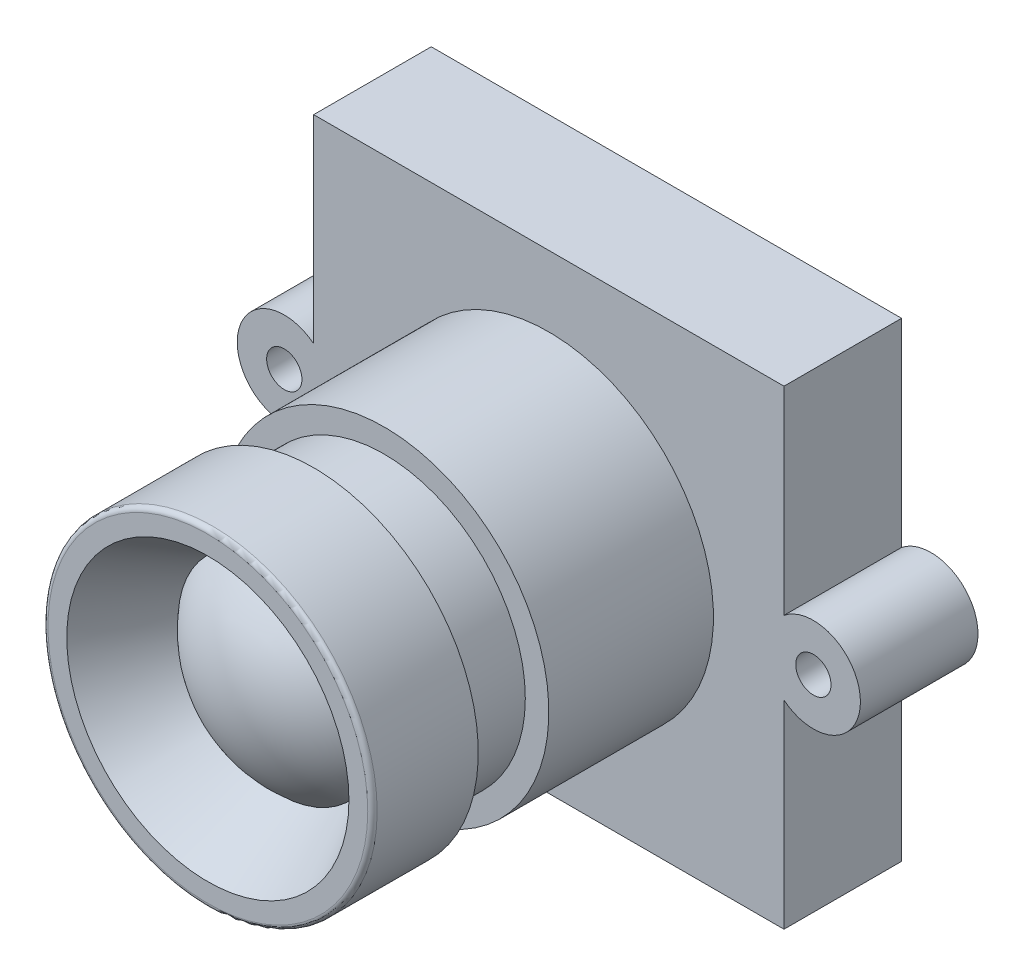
ISO-10303-21;
HEADER;
FILE_DESCRIPTION(('STEP AP214'),'2;1');
FILE_NAME('part.step','',(''),(''),'','','');
FILE_SCHEMA(('AUTOMOTIVE_DESIGN { 1 0 10303 214 1 1 1 1 }'));
ENDSEC;
DATA;
#1=APPLICATION_CONTEXT('core data for automotive mechanical design processes');
#2=APPLICATION_PROTOCOL_DEFINITION('international standard','automotive_design',2000,#1);
#3=PRODUCT_CONTEXT('',#1,'mechanical');
#4=PRODUCT('Part','Part','',(#3));
#5=PRODUCT_RELATED_PRODUCT_CATEGORY('part','',(#4));
#6=PRODUCT_DEFINITION_FORMATION('','',#4);
#7=PRODUCT_DEFINITION_CONTEXT('part definition',#1,'design');
#8=PRODUCT_DEFINITION('design','',#6,#7);
#9=PRODUCT_DEFINITION_SHAPE('','',#8);
#10=(LENGTH_UNIT() NAMED_UNIT(*) SI_UNIT(.MILLI.,.METRE.));
#11=(NAMED_UNIT(*) PLANE_ANGLE_UNIT() SI_UNIT($,.RADIAN.));
#12=(NAMED_UNIT(*) SI_UNIT($,.STERADIAN.) SOLID_ANGLE_UNIT());
#13=UNCERTAINTY_MEASURE_WITH_UNIT(LENGTH_MEASURE(1.E-05),#10,'distance_accuracy_value','');
#14=(GEOMETRIC_REPRESENTATION_CONTEXT(3) GLOBAL_UNCERTAINTY_ASSIGNED_CONTEXT((#13)) GLOBAL_UNIT_ASSIGNED_CONTEXT((#10,
#11,#12)) REPRESENTATION_CONTEXT('',''));
#15=CARTESIAN_POINT('',(0.,0.,0.));
#16=DIRECTION('',(0.,0.,1.));
#17=DIRECTION('',(1.,0.,0.));
#18=AXIS2_PLACEMENT_3D('',#15,#16,#17);
#19=CARTESIAN_POINT('',(-10.,-10.,5.));
#20=DIRECTION('',(0.,0.,1.));
#21=DIRECTION('',(1.,0.,0.));
#22=AXIS2_PLACEMENT_3D('',#19,#20,#21);
#23=PLANE('',#22);
#24=CARTESIAN_POINT('',(0.,0.,5.));
#25=DIRECTION('',(0.,0.,1.));
#26=DIRECTION('',(1.,0.,0.));
#27=AXIS2_PLACEMENT_3D('',#24,#25,#26);
#28=CIRCLE('',#27,6.5);
#29=CARTESIAN_POINT('',(6.5,0.,5.));
#30=VERTEX_POINT('',#29);
#31=EDGE_CURVE('E398',#30,#30,#28,.F.);
#32=ORIENTED_EDGE('',*,*,#31,.T.);
#33=EDGE_LOOP('',(#32));
#34=FACE_BOUND('',#33,.T.);
#35=CARTESIAN_POINT('',(0.,0.,5.));
#36=DIRECTION('',(0.,0.,1.));
#37=DIRECTION('',(1.,0.,0.));
#38=AXIS2_PLACEMENT_3D('',#35,#36,#37);
#39=CIRCLE('',#38,6.);
#40=CARTESIAN_POINT('',(6.,0.,5.));
#41=VERTEX_POINT('',#40);
#42=EDGE_CURVE('E228',#41,#41,#39,.F.);
#43=ORIENTED_EDGE('',*,*,#42,.F.);
#44=EDGE_LOOP('',(#43));
#45=FACE_BOUND('',#44,.T.);
#46=ADVANCED_FACE('F33',(#34,#45),#23,.F.);
#47=CARTESIAN_POINT('',(0.,0.,19.5));
#48=DIRECTION('',(0.,0.,-1.));
#49=DIRECTION('',(-1.,0.,0.));
#50=AXIS2_PLACEMENT_3D('',#47,#48,#49);
#51=CYLINDRICAL_SURFACE('',#50,7.);
#52=CARTESIAN_POINT('',(0.,0.,5.));
#53=DIRECTION('',(0.,0.,1.));
#54=DIRECTION('',(1.,0.,0.));
#55=AXIS2_PLACEMENT_3D('',#52,#53,#54);
#56=CIRCLE('',#55,7.);
#57=CARTESIAN_POINT('',(-7.,0.,5.));
#58=VERTEX_POINT('',#57);
#59=EDGE_CURVE('E236',#58,#58,#56,.T.);
#60=CARTESIAN_POINT('',(0.,0.,12.));
#61=DIRECTION('',(0.,0.,1.));
#62=DIRECTION('',(1.,0.,0.));
#63=AXIS2_PLACEMENT_3D('',#60,#61,#62);
#64=CIRCLE('',#63,7.);
#65=CARTESIAN_POINT('',(-7.,0.,12.));
#66=VERTEX_POINT('',#65);
#67=EDGE_CURVE('E232',#66,#66,#64,.T.);
#68=CARTESIAN_POINT('',(-7.,0.,5.));
#69=CARTESIAN_POINT('',(-7.,0.,5.07291666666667));
#70=CARTESIAN_POINT('',(-7.,0.,5.14583333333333));
#71=CARTESIAN_POINT('',(-7.,0.,5.29166666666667));
#72=CARTESIAN_POINT('',(-7.,0.,5.36458333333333));
#73=CARTESIAN_POINT('',(-7.,0.,5.51041666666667));
#74=CARTESIAN_POINT('',(-7.,0.,5.58333333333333));
#75=CARTESIAN_POINT('',(-7.,0.,5.72916666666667));
#76=CARTESIAN_POINT('',(-7.,0.,5.80208333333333));
#77=CARTESIAN_POINT('',(-7.,0.,5.94791666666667));
#78=CARTESIAN_POINT('',(-7.,0.,6.02083333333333));
#79=CARTESIAN_POINT('',(-7.,0.,6.16666666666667));
#80=CARTESIAN_POINT('',(-7.,0.,6.23958333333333));
#81=CARTESIAN_POINT('',(-7.,0.,6.38541666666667));
#82=CARTESIAN_POINT('',(-7.,0.,6.45833333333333));
#83=CARTESIAN_POINT('',(-7.,0.,6.60416666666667));
#84=CARTESIAN_POINT('',(-7.,0.,6.67708333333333));
#85=CARTESIAN_POINT('',(-7.,0.,6.82291666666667));
#86=CARTESIAN_POINT('',(-7.,0.,6.89583333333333));
#87=CARTESIAN_POINT('',(-7.,0.,7.04166666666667));
#88=CARTESIAN_POINT('',(-7.,0.,7.11458333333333));
#89=CARTESIAN_POINT('',(-7.,0.,7.26041666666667));
#90=CARTESIAN_POINT('',(-7.,0.,7.33333333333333));
#91=CARTESIAN_POINT('',(-7.,0.,7.47916666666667));
#92=CARTESIAN_POINT('',(-7.,0.,7.55208333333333));
#93=CARTESIAN_POINT('',(-7.,0.,7.69791666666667));
#94=CARTESIAN_POINT('',(-7.,0.,7.77083333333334));
#95=CARTESIAN_POINT('',(-7.,0.,7.91666666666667));
#96=CARTESIAN_POINT('',(-7.,0.,7.98958333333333));
#97=CARTESIAN_POINT('',(-7.,0.,8.13541666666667));
#98=CARTESIAN_POINT('',(-7.,0.,8.20833333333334));
#99=CARTESIAN_POINT('',(-7.,0.,8.35416666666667));
#100=CARTESIAN_POINT('',(-7.,0.,8.42708333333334));
#101=CARTESIAN_POINT('',(-7.,0.,8.57291666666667));
#102=CARTESIAN_POINT('',(-7.,0.,8.64583333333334));
#103=CARTESIAN_POINT('',(-7.,0.,8.79166666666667));
#104=CARTESIAN_POINT('',(-7.,0.,8.86458333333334));
#105=CARTESIAN_POINT('',(-7.,0.,9.01041666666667));
#106=CARTESIAN_POINT('',(-7.,0.,9.08333333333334));
#107=CARTESIAN_POINT('',(-7.,0.,9.22916666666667));
#108=CARTESIAN_POINT('',(-7.,0.,9.30208333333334));
#109=CARTESIAN_POINT('',(-7.,0.,9.44791666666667));
#110=CARTESIAN_POINT('',(-7.,0.,9.52083333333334));
#111=CARTESIAN_POINT('',(-7.,0.,9.66666666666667));
#112=CARTESIAN_POINT('',(-7.,0.,9.73958333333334));
#113=CARTESIAN_POINT('',(-7.,0.,9.88541666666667));
#114=CARTESIAN_POINT('',(-7.,0.,9.95833333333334));
#115=CARTESIAN_POINT('',(-7.,0.,10.1041666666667));
#116=CARTESIAN_POINT('',(-7.,0.,10.1770833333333));
#117=CARTESIAN_POINT('',(-7.,0.,10.3229166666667));
#118=CARTESIAN_POINT('',(-7.,0.,10.3958333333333));
#119=CARTESIAN_POINT('',(-7.,0.,10.5416666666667));
#120=CARTESIAN_POINT('',(-7.,0.,10.6145833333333));
#121=CARTESIAN_POINT('',(-7.,0.,10.7604166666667));
#122=CARTESIAN_POINT('',(-7.,0.,10.8333333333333));
#123=CARTESIAN_POINT('',(-7.,0.,10.9791666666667));
#124=CARTESIAN_POINT('',(-7.,0.,11.0520833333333));
#125=CARTESIAN_POINT('',(-7.,0.,11.1979166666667));
#126=CARTESIAN_POINT('',(-7.,0.,11.2708333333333));
#127=CARTESIAN_POINT('',(-7.,0.,11.4166666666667));
#128=CARTESIAN_POINT('',(-7.,0.,11.4895833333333));
#129=CARTESIAN_POINT('',(-7.,0.,11.6354166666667));
#130=CARTESIAN_POINT('',(-7.,0.,11.7083333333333));
#131=CARTESIAN_POINT('',(-7.,0.,11.8541666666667));
#132=CARTESIAN_POINT('',(-7.,0.,11.9270833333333));
#133=CARTESIAN_POINT('',(-7.,0.,12.));
#134=B_SPLINE_CURVE_WITH_KNOTS('',3,(#68,#69,#70,#71,#72,#73,#74,#75,#76,#77,#78,#79,#80,#81,
#82,#83,#84,#85,#86,#87,#88,#89,#90,#91,#92,#93,#94,#95,#96,#97,#98,#99,#100,#101,#102,#103,
#104,#105,#106,#107,#108,#109,#110,#111,#112,#113,#114,#115,#116,#117,#118,#119,#120,#121,#122,
#123,#124,#125,#126,#127,#128,#129,#130,#131,#132,#133),.UNSPECIFIED.,.F.,.F.,(4,2,2,2,2,2,2,2,
2,2,2,2,2,2,2,2,2,2,2,2,2,2,2,2,2,2,2,2,2,2,2,2,4),(0.,0.21875,0.4375,0.656250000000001,
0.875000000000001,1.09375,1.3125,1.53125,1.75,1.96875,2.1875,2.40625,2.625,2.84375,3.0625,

****************************************

* [Instructions for the task]
Going down the listing above, begin printing at the line with "#84=CARTESIAN_POINT('',(-7.,0.,6.67708333333333));" and finish with the line with "#104=CARTESIAN_POINT('',(-7.,0.,8.86458333333334));", exactly as they appear.

* [Response to this exercise]
#84=CARTESIAN_POINT('',(-7.,0.,6.67708333333333));
#85=CARTESIAN_POINT('',(-7.,0.,6.82291666666667));
#86=CARTESIAN_POINT('',(-7.,0.,6.89583333333333));
#87=CARTESIAN_POINT('',(-7.,0.,7.04166666666667));
#88=CARTESIAN_POINT('',(-7.,0.,7.11458333333333));
#89=CARTESIAN_POINT('',(-7.,0.,7.26041666666667));
#90=CARTESIAN_POINT('',(-7.,0.,7.33333333333333));
#91=CARTESIAN_POINT('',(-7.,0.,7.47916666666667));
#92=CARTESIAN_POINT('',(-7.,0.,7.55208333333333));
#93=CARTESIAN_POINT('',(-7.,0.,7.69791666666667));
#94=CARTESIAN_POINT('',(-7.,0.,7.77083333333334));
#95=CARTESIAN_POINT('',(-7.,0.,7.91666666666667));
#96=CARTESIAN_POINT('',(-7.,0.,7.98958333333333));
#97=CARTESIAN_POINT('',(-7.,0.,8.13541666666667));
#98=CARTESIAN_POINT('',(-7.,0.,8.20833333333334));
#99=CARTESIAN_POINT('',(-7.,0.,8.35416666666667));
#100=CARTESIAN_POINT('',(-7.,0.,8.42708333333334));
#101=CARTESIAN_POINT('',(-7.,0.,8.57291666666667));
#102=CARTESIAN_POINT('',(-7.,0.,8.64583333333334));
#103=CARTESIAN_POINT('',(-7.,0.,8.79166666666667));
#104=CARTESIAN_POINT('',(-7.,0.,8.86458333333334));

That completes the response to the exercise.